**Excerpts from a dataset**
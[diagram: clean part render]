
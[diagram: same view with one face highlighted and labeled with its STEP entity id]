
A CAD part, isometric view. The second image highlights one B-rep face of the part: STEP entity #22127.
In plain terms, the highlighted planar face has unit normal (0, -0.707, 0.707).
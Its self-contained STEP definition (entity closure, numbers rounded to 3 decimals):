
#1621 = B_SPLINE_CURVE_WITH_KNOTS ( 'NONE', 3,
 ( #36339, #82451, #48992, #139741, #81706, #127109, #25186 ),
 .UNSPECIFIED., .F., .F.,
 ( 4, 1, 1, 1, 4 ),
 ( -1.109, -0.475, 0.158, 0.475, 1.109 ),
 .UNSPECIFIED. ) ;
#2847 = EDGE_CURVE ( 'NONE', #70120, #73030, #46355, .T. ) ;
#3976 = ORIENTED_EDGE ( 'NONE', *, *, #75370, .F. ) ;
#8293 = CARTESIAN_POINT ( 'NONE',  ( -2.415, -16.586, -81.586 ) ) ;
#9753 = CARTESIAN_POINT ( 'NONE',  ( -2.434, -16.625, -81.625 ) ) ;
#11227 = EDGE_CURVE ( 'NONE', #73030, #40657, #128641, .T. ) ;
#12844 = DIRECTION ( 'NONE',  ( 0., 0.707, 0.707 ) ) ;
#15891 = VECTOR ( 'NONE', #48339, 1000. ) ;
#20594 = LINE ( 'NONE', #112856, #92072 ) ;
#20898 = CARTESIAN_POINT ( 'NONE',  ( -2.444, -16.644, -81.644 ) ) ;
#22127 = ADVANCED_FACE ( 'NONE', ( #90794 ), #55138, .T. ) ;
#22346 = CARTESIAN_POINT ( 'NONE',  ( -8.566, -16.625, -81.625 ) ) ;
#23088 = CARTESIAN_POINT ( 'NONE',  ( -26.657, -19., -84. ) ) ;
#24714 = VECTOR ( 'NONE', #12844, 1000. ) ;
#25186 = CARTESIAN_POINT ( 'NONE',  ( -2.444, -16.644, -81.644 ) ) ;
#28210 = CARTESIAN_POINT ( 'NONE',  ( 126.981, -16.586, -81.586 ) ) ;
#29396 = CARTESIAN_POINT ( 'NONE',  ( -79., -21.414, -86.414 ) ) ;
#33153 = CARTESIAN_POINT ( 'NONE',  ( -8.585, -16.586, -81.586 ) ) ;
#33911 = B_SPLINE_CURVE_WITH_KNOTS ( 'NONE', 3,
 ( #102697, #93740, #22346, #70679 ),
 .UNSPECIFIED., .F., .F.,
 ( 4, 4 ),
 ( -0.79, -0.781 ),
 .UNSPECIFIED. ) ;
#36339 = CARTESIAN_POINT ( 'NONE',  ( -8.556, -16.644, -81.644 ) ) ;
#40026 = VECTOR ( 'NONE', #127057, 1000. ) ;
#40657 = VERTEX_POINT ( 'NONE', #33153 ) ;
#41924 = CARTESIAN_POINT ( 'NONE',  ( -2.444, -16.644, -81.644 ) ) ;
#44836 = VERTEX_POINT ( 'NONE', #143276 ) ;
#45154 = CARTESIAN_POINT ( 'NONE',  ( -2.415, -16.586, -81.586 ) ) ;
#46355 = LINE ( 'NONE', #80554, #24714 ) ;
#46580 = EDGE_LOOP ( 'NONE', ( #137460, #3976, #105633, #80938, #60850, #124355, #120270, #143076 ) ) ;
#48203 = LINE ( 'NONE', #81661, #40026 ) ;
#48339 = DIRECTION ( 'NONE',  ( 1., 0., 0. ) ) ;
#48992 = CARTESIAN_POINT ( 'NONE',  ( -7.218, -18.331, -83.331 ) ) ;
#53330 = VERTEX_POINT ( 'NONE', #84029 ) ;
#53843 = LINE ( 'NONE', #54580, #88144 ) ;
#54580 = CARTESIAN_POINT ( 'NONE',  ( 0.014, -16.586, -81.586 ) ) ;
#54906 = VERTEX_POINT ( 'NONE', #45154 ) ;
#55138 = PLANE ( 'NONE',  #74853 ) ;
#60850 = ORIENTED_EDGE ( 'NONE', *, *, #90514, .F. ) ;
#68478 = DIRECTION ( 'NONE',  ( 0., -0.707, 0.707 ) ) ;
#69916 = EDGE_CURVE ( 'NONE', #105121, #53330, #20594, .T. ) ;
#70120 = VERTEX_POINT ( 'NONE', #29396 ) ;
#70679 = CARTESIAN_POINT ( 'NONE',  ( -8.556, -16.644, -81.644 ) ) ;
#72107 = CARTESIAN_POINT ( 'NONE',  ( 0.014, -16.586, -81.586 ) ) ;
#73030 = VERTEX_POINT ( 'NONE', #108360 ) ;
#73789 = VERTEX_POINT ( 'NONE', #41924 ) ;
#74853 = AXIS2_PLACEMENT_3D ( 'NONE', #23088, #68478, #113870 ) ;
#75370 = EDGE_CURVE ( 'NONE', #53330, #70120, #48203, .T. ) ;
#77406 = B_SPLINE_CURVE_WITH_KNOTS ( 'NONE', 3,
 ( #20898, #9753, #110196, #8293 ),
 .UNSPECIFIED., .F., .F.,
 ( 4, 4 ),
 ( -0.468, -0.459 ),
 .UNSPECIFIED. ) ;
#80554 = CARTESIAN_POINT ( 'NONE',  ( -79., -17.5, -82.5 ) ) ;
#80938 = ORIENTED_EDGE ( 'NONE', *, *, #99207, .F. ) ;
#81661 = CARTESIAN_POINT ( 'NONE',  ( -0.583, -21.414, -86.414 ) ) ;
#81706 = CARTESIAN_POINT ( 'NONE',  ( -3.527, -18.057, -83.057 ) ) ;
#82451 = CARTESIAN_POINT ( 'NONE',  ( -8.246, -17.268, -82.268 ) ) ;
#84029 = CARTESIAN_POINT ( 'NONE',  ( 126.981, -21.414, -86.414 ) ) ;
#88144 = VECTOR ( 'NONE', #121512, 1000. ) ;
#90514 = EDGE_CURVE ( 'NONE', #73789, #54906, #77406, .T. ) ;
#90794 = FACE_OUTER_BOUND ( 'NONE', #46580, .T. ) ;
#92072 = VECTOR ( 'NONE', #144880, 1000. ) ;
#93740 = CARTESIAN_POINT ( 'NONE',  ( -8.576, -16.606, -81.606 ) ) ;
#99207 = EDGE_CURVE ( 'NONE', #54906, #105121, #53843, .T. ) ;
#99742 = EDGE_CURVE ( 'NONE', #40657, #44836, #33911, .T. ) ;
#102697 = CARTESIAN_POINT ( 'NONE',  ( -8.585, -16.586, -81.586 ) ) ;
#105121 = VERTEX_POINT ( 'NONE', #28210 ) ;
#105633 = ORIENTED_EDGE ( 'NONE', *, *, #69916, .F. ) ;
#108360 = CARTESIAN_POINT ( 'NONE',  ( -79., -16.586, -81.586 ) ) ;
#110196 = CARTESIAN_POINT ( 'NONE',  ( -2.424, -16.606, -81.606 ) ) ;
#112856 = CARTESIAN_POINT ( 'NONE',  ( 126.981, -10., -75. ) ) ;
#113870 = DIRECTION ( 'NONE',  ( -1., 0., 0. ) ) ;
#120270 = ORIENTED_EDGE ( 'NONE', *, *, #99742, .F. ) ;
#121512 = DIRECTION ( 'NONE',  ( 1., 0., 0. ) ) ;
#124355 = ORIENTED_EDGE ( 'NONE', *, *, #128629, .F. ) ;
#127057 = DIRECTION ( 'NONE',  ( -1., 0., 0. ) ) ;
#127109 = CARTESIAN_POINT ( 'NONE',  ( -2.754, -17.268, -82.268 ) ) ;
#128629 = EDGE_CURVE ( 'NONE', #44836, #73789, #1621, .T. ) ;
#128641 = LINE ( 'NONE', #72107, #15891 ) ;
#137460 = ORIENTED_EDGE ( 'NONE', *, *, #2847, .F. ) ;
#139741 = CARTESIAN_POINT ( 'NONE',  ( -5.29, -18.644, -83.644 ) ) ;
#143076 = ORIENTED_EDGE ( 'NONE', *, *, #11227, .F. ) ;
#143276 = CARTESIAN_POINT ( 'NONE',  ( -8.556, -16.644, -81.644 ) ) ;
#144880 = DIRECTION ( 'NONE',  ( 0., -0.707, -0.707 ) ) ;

**What is needed**
The lines from the top of the data above down to the line containing "#48203 = LINE ( 'NONE', #81661, #40026 ) ;" are to be copied exactly; no other line should appear.

**Task result**
[diagram: clean part render]
[diagram: same view with one face highlighted and labeled with its STEP entity id]
A CAD part, isometric view. The second image highlights one B-rep face of the part: STEP entity #22127.
In plain terms, the highlighted planar face has unit normal (0, -0.707, 0.707).
Its self-contained STEP definition (entity closure, numbers rounded to 3 decimals):
#1621 = B_SPLINE_CURVE_WITH_KNOTS ( 'NONE', 3,
 ( #36339, #82451, #48992, #139741, #81706, #127109, #25186 ),
 .UNSPECIFIED., .F., .F.,
 ( 4, 1, 1, 1, 4 ),
 ( -1.109, -0.475, 0.158, 0.475, 1.109 ),
 .UNSPECIFIED. ) ;
#2847 = EDGE_CURVE ( 'NONE', #70120, #73030, #46355, .T. ) ;
#3976 = ORIENTED_EDGE ( 'NONE', *, *, #75370, .F. ) ;
#8293 = CARTESIAN_POINT ( 'NONE',  ( -2.415, -16.586, -81.586 ) ) ;
#9753 = CARTESIAN_POINT ( 'NONE',  ( -2.434, -16.625, -81.625 ) ) ;
#11227 = EDGE_CURVE ( 'NONE', #73030, #40657, #128641, .T. ) ;
#12844 = DIRECTION ( 'NONE',  ( 0., 0.707, 0.707 ) ) ;
#15891 = VECTOR ( 'NONE', #48339, 1000. ) ;
#20594 = LINE ( 'NONE', #112856, #92072 ) ;
#20898 = CARTESIAN_POINT ( 'NONE',  ( -2.444, -16.644, -81.644 ) ) ;
#22127 = ADVANCED_FACE ( 'NONE', ( #90794 ), #55138, .T. ) ;
#22346 = CARTESIAN_POINT ( 'NONE',  ( -8.566, -16.625, -81.625 ) ) ;
#23088 = CARTESIAN_POINT ( 'NONE',  ( -26.657, -19., -84. ) ) ;
#24714 = VECTOR ( 'NONE', #12844, 1000. ) ;
#25186 = CARTESIAN_POINT ( 'NONE',  ( -2.444, -16.644, -81.644 ) ) ;
#28210 = CARTESIAN_POINT ( 'NONE',  ( 126.981, -16.586, -81.586 ) ) ;
#29396 = CARTESIAN_POINT ( 'NONE',  ( -79., -21.414, -86.414 ) ) ;
#33153 = CARTESIAN_POINT ( 'NONE',  ( -8.585, -16.586, -81.586 ) ) ;
#33911 = B_SPLINE_CURVE_WITH_KNOTS ( 'NONE', 3,
 ( #102697, #93740, #22346, #70679 ),
 .UNSPECIFIED., .F., .F.,
 ( 4, 4 ),
 ( -0.79, -0.781 ),
 .UNSPECIFIED. ) ;
#36339 = CARTESIAN_POINT ( 'NONE',  ( -8.556, -16.644, -81.644 ) ) ;
#40026 = VECTOR ( 'NONE', #127057, 1000. ) ;
#40657 = VERTEX_POINT ( 'NONE', #33153 ) ;
#41924 = CARTESIAN_POINT ( 'NONE',  ( -2.444, -16.644, -81.644 ) ) ;
#44836 = VERTEX_POINT ( 'NONE', #143276 ) ;
#45154 = CARTESIAN_POINT ( 'NONE',  ( -2.415, -16.586, -81.586 ) ) ;
#46355 = LINE ( 'NONE', #80554, #24714 ) ;
#46580 = EDGE_LOOP ( 'NONE', ( #137460, #3976, #105633, #80938, #60850, #124355, #120270, #143076 ) ) ;
#48203 = LINE ( 'NONE', #81661, #40026 ) ;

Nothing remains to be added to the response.